# Best Surf Rig?



## Fishingislife (Jun 4, 2016)

I'm primarily using a fish finder rig with a 4-5 oz pyramid to fish the surf. Any suggestions about what rig is best to use or should I stick with the fish finder? Also, do you guys suggest mono/flouro or wire for surf Riga? 


Thanks!


----------



## Fishin Mortician (Sep 15, 2015)

I think the very best advice anyone could possibly give you is to read the older posts here. There is a treasure trove of advice regarding rigs and so many other things you could never imagine. When I joined here I just thumbed backwards through the various pages hunting and picking.


----------



## Chris V (Oct 18, 2007)

Tons of info on this in past posts. I will say though that I rarely use a fish finder rig anymore.

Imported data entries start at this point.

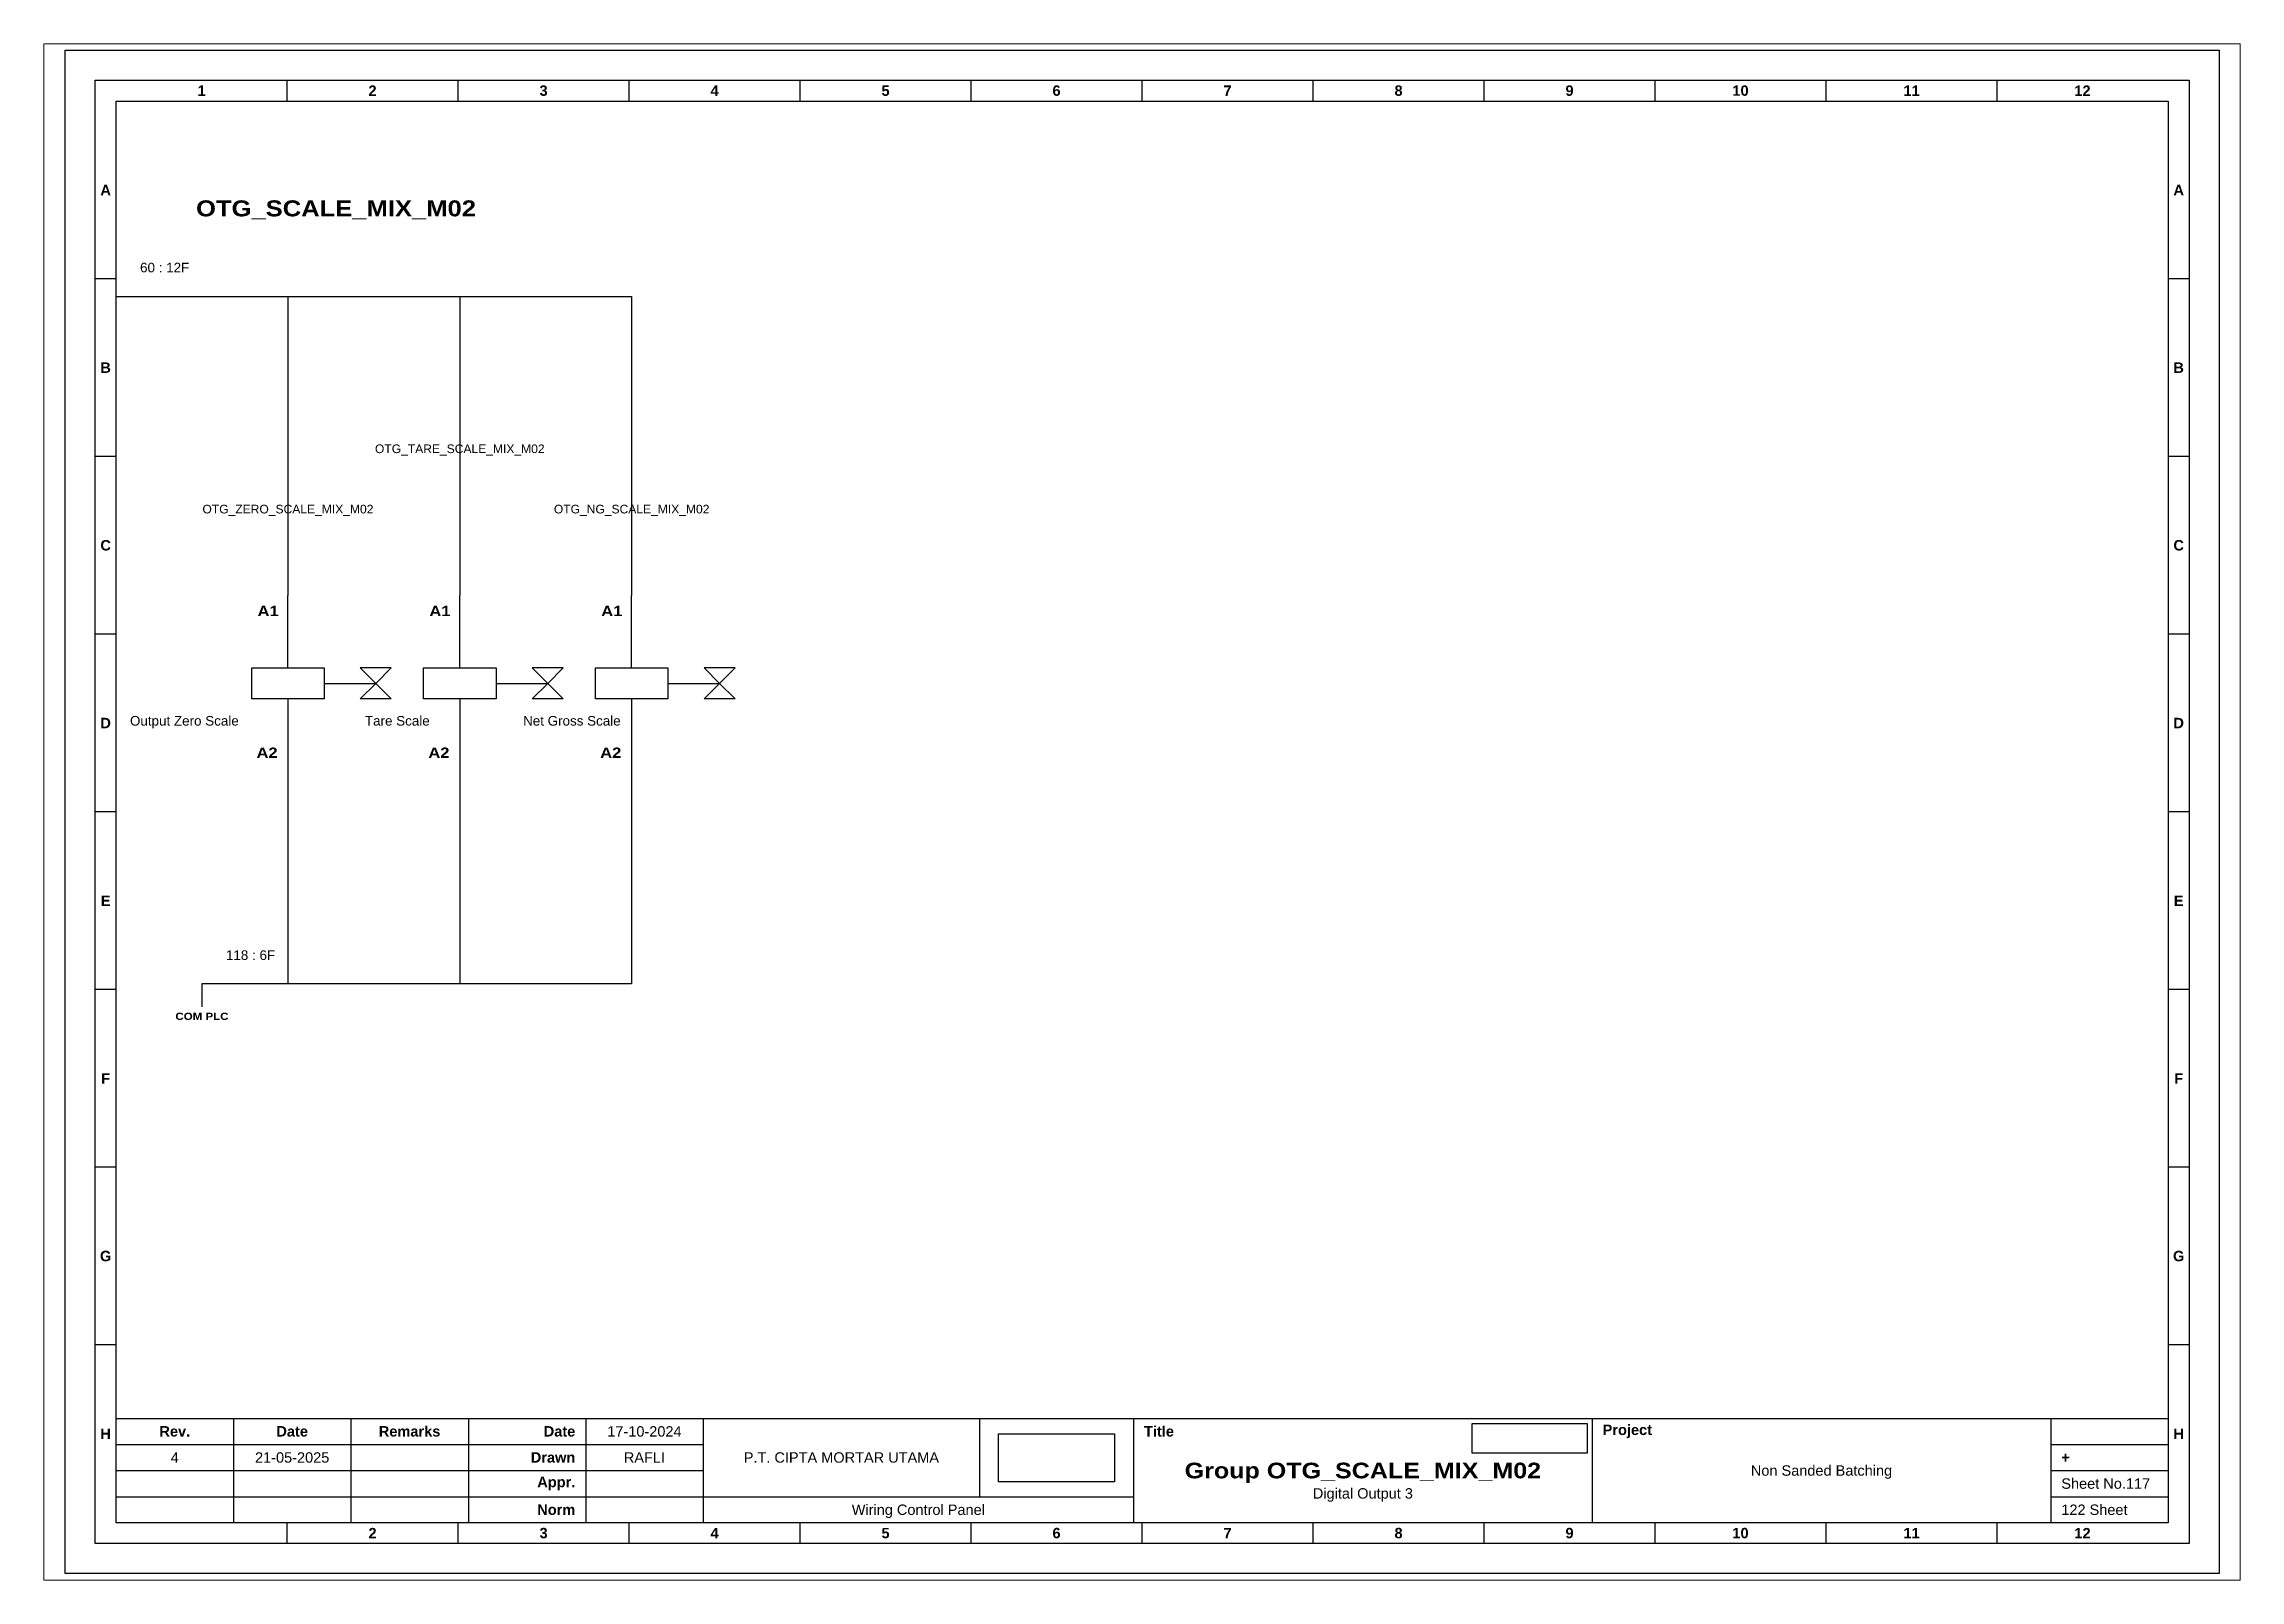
# Paper-space layout 'OTG_SCALE_MIX_M02' of a CAD drawing. Header units: centimetres, sheet in millimetres. Extents: x 0 to 821, y 0 to 574.
# The model-space entities are those that its viewports show. They can reach past a viewport. Long polylines and large blocks are cut down to what shows.
import ezdxf
from ezdxf.enums import TextEntityAlignment as Align

# ---------------------------------------------------------------- set-up
doc = ezdxf.new("R2010")
doc.units = ezdxf.units.CM
doc.header["$MEASUREMENT"] = 0
doc.layers.add('MU Project Line', color=7, linetype='Continuous', lineweight=0, true_color=0xfefefe)
doc.styles.add('Bold', font='ariblk.ttf', dxfattribs={"height": 25.4})
doc.styles.get("Standard").update_dxf_attribs({"font": 'arial.ttf'})
picture_1 = doc.add_image_def('image1.png', size_in_pixel=(2048, 847))
picture_2 = doc.add_image_def('image2.png', size_in_pixel=(2092, 542))

# ---------------------------------------------------------------- blocks, each defined once
blk = doc.blocks.new('KOP MU PROJECT')
at = {"color": 6, "ltscale": 50}
for p, q in [((27.74, 184.05), (27.74, 186.66)), ((49.13, 184.05), (49.13, 186.66)), ((70.51, 184.05), (70.51, 186.66)), ((91.89, 184.05), (91.89, 186.66)), ((113.27, 184.05), (113.27, 186.66)), ((134.66, 184.05), (134.66, 186.66)), ((156.04, 184.05), (156.04, 186.66)), ((177.42, 184.05), (177.42, 186.66)), ((198.8, 184.05), (198.8, 186.66)), ((220.19, 184.05), (220.19, 186.66)), ((241.57, 184.05), (241.57, 186.66)), ((6.36, 161.84), (3.75, 161.84)), ((265.59, 161.84), (262.98, 161.84)), ((6.36, 139.63), (3.75, 139.63)), ((265.59, 139.63), (262.98, 139.63)), ((6.36, 117.42), (3.75, 117.42)), ((265.59, 117.42), (262.98, 117.42)), ((6.36, 95.22), (3.75, 95.22)), ((265.59, 95.22), (262.98, 95.22)), ((6.36, 73.01), (3.75, 73.01)), ((265.59, 73.01), (262.98, 73.01)), ((6.36, 50.8), (3.75, 50.8)), ((265.59, 50.8), (262.98, 50.8)), ((6.36, 28.59), (3.75, 28.59)), ((265.59, 28.59), (262.98, 28.59)), ((27.74, 3.75), (27.74, 6.36)), ((49.13, 3.75), (49.13, 6.36)), ((70.51, 3.75), (70.51, 6.36)), ((91.89, 3.75), (91.89, 6.36)), ((113.27, 3.75), (113.27, 6.36)), ((134.66, 3.75), (134.66, 6.36)), ((156.04, 3.75), (156.04, 6.36)), ((177.42, 3.75), (177.42, 6.36)), ((198.8, 3.75), (198.8, 6.36)), ((220.19, 3.75), (220.19, 6.36)), ((241.57, 3.75), (241.57, 6.36))]:
    blk.add_line(p, q, dxfattribs=at)
at = {"ltscale": 50}
for p, q in [((6.36, 19.41), (262.98, 19.41)), ((21.04, 19.41), (21.04, 6.36)), ((35.72, 19.41), (35.72, 6.36)), ((50.41, 19.41), (50.41, 6.36)), ((65.09, 19.41), (65.09, 6.36)), ((79.77, 19.41), (79.77, 6.36)), ((114.35, 19.41), (114.35, 9.62)), ((133.6, 19.41), (133.6, 6.36)), ((190.95, 19.41), (190.95, 6.36)), ((248.3, 19.41), (248.3, 6.36)), ((6.36, 16.15), (79.77, 16.15)), ((248.3, 16.15), (262.98, 16.15)), ((6.36, 12.89), (79.77, 12.89)), ((248.3, 12.89), (262.98, 12.89)), ((6.36, 9.62), (133.6, 9.62)), ((248.3, 9.62), (262.98, 9.62))]:
    blk.add_line(p, q, dxfattribs=at)
at = {"color": 1, "ltscale": 50}
blk.add_lwpolyline([(269.34, 0), (0, 0), (0, 190.41), (269.34, 190.41)], close=True, dxfattribs=at)
at = {"color": 6, "ltscale": 50}
for points in [[(265.59, 3.75), (3.75, 3.75), (3.75, 186.66), (265.59, 186.66)], [(262.98, 6.36), (6.36, 6.36), (6.36, 184.05), (262.98, 184.05)]]:
    blk.add_lwpolyline(points, close=True, dxfattribs=at)
at = {"ltscale": 50, "char_height": 1.305, "attachment_point": 4}
for s, width, heights, insert in [('\\pxqc;{\\fArial|b1|i0|c0|p34;1}', 21.3825, [2.51], (6.36, 185.36)), ('\\pxqc;{\\fArial|b1|i0|c0|p34;2}', 21.3825, [2.51], (27.74, 185.36)), ('\\pxqc;{\\fArial|b1|i0|c0|p34;3}', 21.3825, [2.51], (49.13, 185.36)), ('\\pxqc;{\\fArial|b1|i0|c0|p34;4}', 21.3825, [2.51], (70.51, 185.36)), ('\\pxqc;{\\fArial|b1|i0|c0|p34;5}', 21.3825, [2.51], (91.89, 185.36)), ('\\pxqc;{\\fArial|b1|i0|c0|p34;6}', 21.3825, [2.51], (113.27, 185.36)), ('\\pxqc;{\\fArial|b1|i0|c0|p34;7}', 21.3825, [2.51], (134.66, 185.36)), ('\\pxqc;{\\fArial|b1|i0|c0|p34;8}', 21.3825, [2.51], (156.04, 185.36)), ('\\pxqc;{\\fArial|b1|i0|c0|p34;9}', 21.3825, [2.51], (177.42, 185.36)), ('\\pxqc;{\\fArial|b1|i0|c0|p34;10}', 21.3825, [2.51], (198.8, 185.36)), ('\\pxqc;{\\fArial|b1|i0|c0|p34;11}', 21.3825, [2.51], (220.19, 185.36)), ('\\pxqc;{\\fArial|b1|i0|c0|p34;12}', 21.3825, [2.51], (241.57, 185.36)), ('\\pxqc;{\\fArial|b1|i0|c0|p34;A}', 2.61, [2.51], (3.75, 172.95)), ('\\pxqc;{\\fArial|b1|i0|c0|p34;A}', 2.61, [2.51], (262.98, 172.95)), ('\\pxqc;{\\fArial|b1|i0|c0|p34;B}', 2.61, [2.51], (3.75, 150.74)), ('\\pxqc;{\\fArial|b1|i0|c0|p34;B}', 2.61, [2.51], (262.98, 150.74)), ('\\pxqc;{\\fArial|b1|i0|c0|p34;C}', 2.61, [2.51], (3.75, 128.53)), ('\\pxqc;{\\fArial|b1|i0|c0|p34;C}', 2.61, [2.51], (262.98, 128.53)), ('\\pxqc;{\\fArial|b1|i0|c0|p34;D}', 2.61, [2.51], (3.75, 106.32)), ('\\pxqc;{\\fArial|b1|i0|c0|p34;D}', 2.61, [2.51], (262.98, 106.32)), ('\\pxqc;{\\fArial|b1|i0|c0|p34;E}', 2.61, [2.51], (3.75, 84.11)), ('\\pxqc;{\\fArial|b1|i0|c0|p34;E}', 2.61, [2.51], (262.98, 84.11)), ('\\pxqc;{\\fArial|b1|i0|c0|p34;F}', 2.61, [2.51], (3.75, 61.9)), ('\\pxqc;{\\fArial|b1|i0|c0|p34;F}', 2.61, [2.51], (262.98, 61.9)), ('\\pxqc;{\\fArial|b1|i0|c0|p34;G}', 2.61, [2.51], (3.75, 39.69)), ('\\pxqc;{\\fArial|b1|i0|c0|p34;G}', 2.61, [2.51], (262.98, 39.69)), ('\\pxqc;{\\fArial|b1|i0|c0|p34;H}', 2.61, [2.51], (3.75, 17.47)), ('\\pxqc;{\\fArial|b1|i0|c0|p34;Rev.}', 14.6811, [2.88], (6.36, 17.78)), ('\\pxqc;{\\fArial|b1|i0|c0|p34;Date}', 14.6811, [2.88], (21.04, 17.78)), ('\\pxqc;{\\fArial|b1|i0|c0|p34;Remarks}', 14.6811, [2.88], (35.72, 17.78)), ('\\pxqr;{\\fArial|b1|i0|c0|p34;Date}', 13.3761, [2.88], (50.41, 17.78)), ('\\pxql;{\\fArial|b1|i0|c0|p34;Title}', 50.2419, [2.88], (134.9, 17.78)), ('\\pxql;{\\fArial|b1|i0|c0|p34;Project}', 50.2419, [2.88], (192.25, 17.78)), ('\\pxqc;{\\fArial|b1|i0|c0|p34;H}', 2.61, [2.51], (262.98, 17.47)), ('\\pxqr;{\\fArial|b1|i0|c0|p34;Drawn}', 13.3761, [2.88], (50.41, 14.52)), ('\\pxql;{\\fArial|b1|i0|c0|p34;+}', 14.6811, [2.88], (249.61, 14.52)), ('\\pxqr;{\\fArial|b1|i0|c0|p34;Appr.}', 13.3761, [2.88], (50.41, 11.26)), ('\\pxqr;{\\fArial|b1|i0|c0|p34;Norm}', 13.3761, [2.88], (50.41, 7.99)), ('\\pxqc;{\\fArial|b1|i0|c0|p34;2}', 21.3825, [2.51], (27.74, 5.06)), ('\\pxqc;{\\fArial|b1|i0|c0|p34;3}', 21.3825, [2.51], (49.13, 5.06)), ('\\pxqc;{\\fArial|b1|i0|c0|p34;4}', 21.3825, [2.51], (70.51, 5.06)), ('\\pxqc;{\\fArial|b1|i0|c0|p34;5}', 21.3825, [2.51], (91.89, 5.06)), ('\\pxqc;{\\fArial|b1|i0|c0|p34;6}', 21.3825, [2.51], (113.27, 5.06)), ('\\pxqc;{\\fArial|b1|i0|c0|p34;7}', 21.3825, [2.51], (134.66, 5.06)), ('\\pxqc;{\\fArial|b1|i0|c0|p34;8}', 21.3825, [2.51], (156.04, 5.06)), ('\\pxqc;{\\fArial|b1|i0|c0|p34;9}', 21.3825, [2.51], (177.42, 5.06)), ('\\pxqc;{\\fArial|b1|i0|c0|p34;10}', 21.3825, [2.51], (198.8, 5.06)), ('\\pxqc;{\\fArial|b1|i0|c0|p34;11}', 21.3825, [2.51], (220.19, 5.06)), ('\\pxqc;{\\fArial|b1|i0|c0|p34;12}', 21.3825, [2.51], (241.57, 5.06))]:
    blk.add_mtext_dynamic_manual_height_columns(s, width=width, gutter_width=0.0326, heights=heights, dxfattribs=dict(at, insert=insert))
at = {"ltscale": 50}
for tag, p in [('DATECREATED', (72.43, 17.78)), ('REV', (13.7, 14.52)), ('REVDATE', (28.38, 14.52)), ('REMARKS', (43.06, 14.52)), ('DRAWN', (72.43, 14.52)), ('COMPANY', (97.06, 14.52)), ('APPR', (72.43, 11.26)), ('PROJECT', (219.62, 12.89)), ('NORM', (72.43, 7.99)), ('DRAWINGCATEGORY', (106.68, 7.99)), ('DESCRIPTION', (162.27, 10.03))]:
    blk.add_attdef(tag, text='', height=1.3, dxfattribs=at).set_placement(p, align=Align.MIDDLE_CENTER)
at = {"ltscale": 50, "style": 'Bold'}
blk.add_attdef('TITLE', text='', height=1.96, dxfattribs=at).set_placement((162.27, 12.89), align=Align.MIDDLE_CENTER)
at = {"ltscale": 50}
for tag, p in [('SHEETNUMBER', (249.61, 11.26)), ('TOTALSHEET', (249.61, 7.99))]:
    blk.add_attdef(tag, text='', height=1.3, dxfattribs=at).set_placement(p, align=Align.MIDDLE_LEFT)
image = blk.add_image(picture_1, insert=(116.72, 11.48), size_in_units=(14.5, 6), dxfattribs=at)
image.dxf.flags = 15
image = blk.add_image(picture_2, insert=(175.94, 15.04), size_in_units=(14.36, 3.72), dxfattribs=at)
image.dxf.flags = 15

msp = doc.modelspace()

# ---------------------------------------------------------------- linework, layer by layer
at = {"color": 146, "ltscale": 50, "true_color": 0x105689}
for p, q in [((1587.87, 812.13), (1609.36, 812.13)), ((1609.36, 812.13), (1630.85, 812.13)), ((1609.36, 812.13), (1609.36, 774.74)), ((1630.85, 812.13), (1652.34, 812.13)), ((1630.85, 812.13), (1630.85, 774.74)), ((1652.34, 812.13), (1652.34, 774.74)), ((1609.36, 753.05), (1609.36, 726.19)), ((1630.85, 752.77), (1630.85, 726.19)), ((1652.34, 752.77), (1652.34, 726.19)), ((1652.34, 726.19), (1598.61, 726.19)), ((1598.61, 726.19), (1598.61, 723.31))]:
    msp.add_line(p, q, dxfattribs=at)
at = {"ltscale": 50}
for p, q in [((1609.36, 765.7), (1609.36, 774.74)), ((1630.85, 765.7), (1630.85, 774.74)), ((1652.34, 765.7), (1652.34, 774.74)), ((1613.88, 763.76), (1620.35, 763.76)), ((1635.38, 763.76), (1641.84, 763.76)), ((1656.87, 763.76), (1663.33, 763.76)), ((1609.36, 761.82), (1609.36, 752.77)), ((1630.85, 761.82), (1630.85, 752.77)), ((1652.34, 761.82), (1652.34, 752.77))]:
    msp.add_line(p, q, dxfattribs=at)
for points in [[(1604.84, 765.7), (1613.88, 765.7), (1613.88, 761.82), (1604.84, 761.82)], [(1620.35, 763.76), (1622.28, 765.7), (1618.41, 765.7)], [(1620.35, 763.76), (1622.28, 761.82), (1618.41, 761.82)], [(1626.33, 765.7), (1635.38, 765.7), (1635.38, 761.82), (1626.33, 761.82)], [(1641.84, 763.76), (1643.78, 765.7), (1639.9, 765.7)], [(1641.84, 763.76), (1643.78, 761.82), (1639.9, 761.82)], [(1647.82, 765.7), (1656.87, 765.7), (1656.87, 761.82), (1647.82, 761.82)], [(1663.33, 763.76), (1665.27, 765.7), (1661.39, 765.7)], [(1663.33, 763.76), (1665.27, 761.82), (1661.39, 761.82)]]:
    msp.add_lwpolyline(points, close=True, dxfattribs=at)

# ---------------------------------------------------------------- block references
msp.add_blockref('KOP MU PROJECT', (1581.51, 652.48)).add_auto_attribs({'DESCRIPTION': 'Digital Output 3', 'TITLE': 'Group OTG_SCALE_MIX_M02', 'PROJECT': 'Non Sanded Batching', 'COMPANY': 'P.T. CIPTA MORTAR UTAMA', 'DRAWINGCATEGORY': 'Wiring Control Panel', 'DRAWN': 'RAFLI', 'DATECREATED': '17-10-2024', 'REVDATE': '21-05-2025', 'REV': '4', 'SHEETNUMBER': 'Sheet No.117', 'TOTALSHEET': '122 Sheet'})

# ---------------------------------------------------------------- texts
at = {"ltscale": 500, "style": 'Bold'}
msp.add_text('OTG_SCALE_MIX_M02', height=2, dxfattribs=at).set_placement((1597.87, 822.13))
at = {"ltscale": 500}
for s, p in [('60 : 12F', (1590.87, 816.33)), ('118 : 6F', (1601.61, 730.39))]:
    msp.add_text(s, height=1.2, dxfattribs=at).set_placement(p, align=Align.TOP_LEFT)
at = {"ltscale": 50}
for s, p in [('OTG_TARE_SCALE_MIX_M02', (1630.85, 793.08)), ('OTG_ZERO_SCALE_MIX_M02', (1609.36, 785.54)), ('OTG_NG_SCALE_MIX_M02', (1652.34, 785.54))]:
    msp.add_text(s, height=1.08, dxfattribs=at).set_placement(p, align=Align.MIDDLE_CENTER)
at = {"ltscale": 500, "style": 'Bold'}
for p in [(1608.2, 773.45), (1629.69, 773.45), (1651.18, 773.45)]:
    msp.add_text('A1', height=1.292, dxfattribs=at).set_placement(p, align=Align.TOP_RIGHT)
at = {"ltscale": 50}
for s, p in [('Output Zero Scale', (1603.21, 758.12)), ('Tare Scale', (1627.09, 758.12)), ('Net Gross Scale', (1650.97, 758.12))]:
    msp.add_text(s, height=1.2, dxfattribs=at).set_placement(p, align=Align.BOTTOM_RIGHT)
at = {"ltscale": 500, "style": 'Bold'}
for p in [(1608.07, 754.06), (1629.56, 754.06), (1651.05, 754.06)]:
    msp.add_text('A2', height=1.292, dxfattribs=at).set_placement(p, align=Align.BOTTOM_RIGHT)
at = {"ltscale": 50, "style": 'Bold'}
msp.add_text('COM PLC', height=0.9, dxfattribs=at).set_placement((1598.61, 722.59), align=Align.TOP_CENTER)

psp = doc.layouts.new('OTG_SCALE_MIX_M02')

# ---------------------------------------------------------------- viewports
at = {"layer": 'MU Project Line'}
psp.add_viewport(center=(410.5, 287), size=(820.98, 573.9884), view_center_point=(1716.16, 747.68), view_height=192.0041, dxfattribs=at)

doc.saveas('drawing.dxf')

Shorter rigs with a fixed weight (bottom or top) and either short, in-line leaders or on drops allows more distance on the cast and better hook ups IMO.


----------



## Fishingislife (Jun 4, 2016)

Thanks for the comments guys! When you say a fixed weight, do you mean an egg weight between 2 swivels? How do you fix your weights?

Thanks!


----------



## NoMoSurf (Oct 2, 2007)

It also depends on what you are targeting:

Pompano/Whiting = hand ties 10-15lb flouro dropper rigs with smallest swivel you can find at top. I also dust swivel with tan paint to take off shine.

Redfish/Black Drum = 3-40lb flouro carolina style rig with egg weight unless surf rough. Then use pyramid

Small Sharks = same as Redfish rig except with 7-strand wire instead of flouro

Large sharks = specialized shark rigs. Books could be written on these...


----------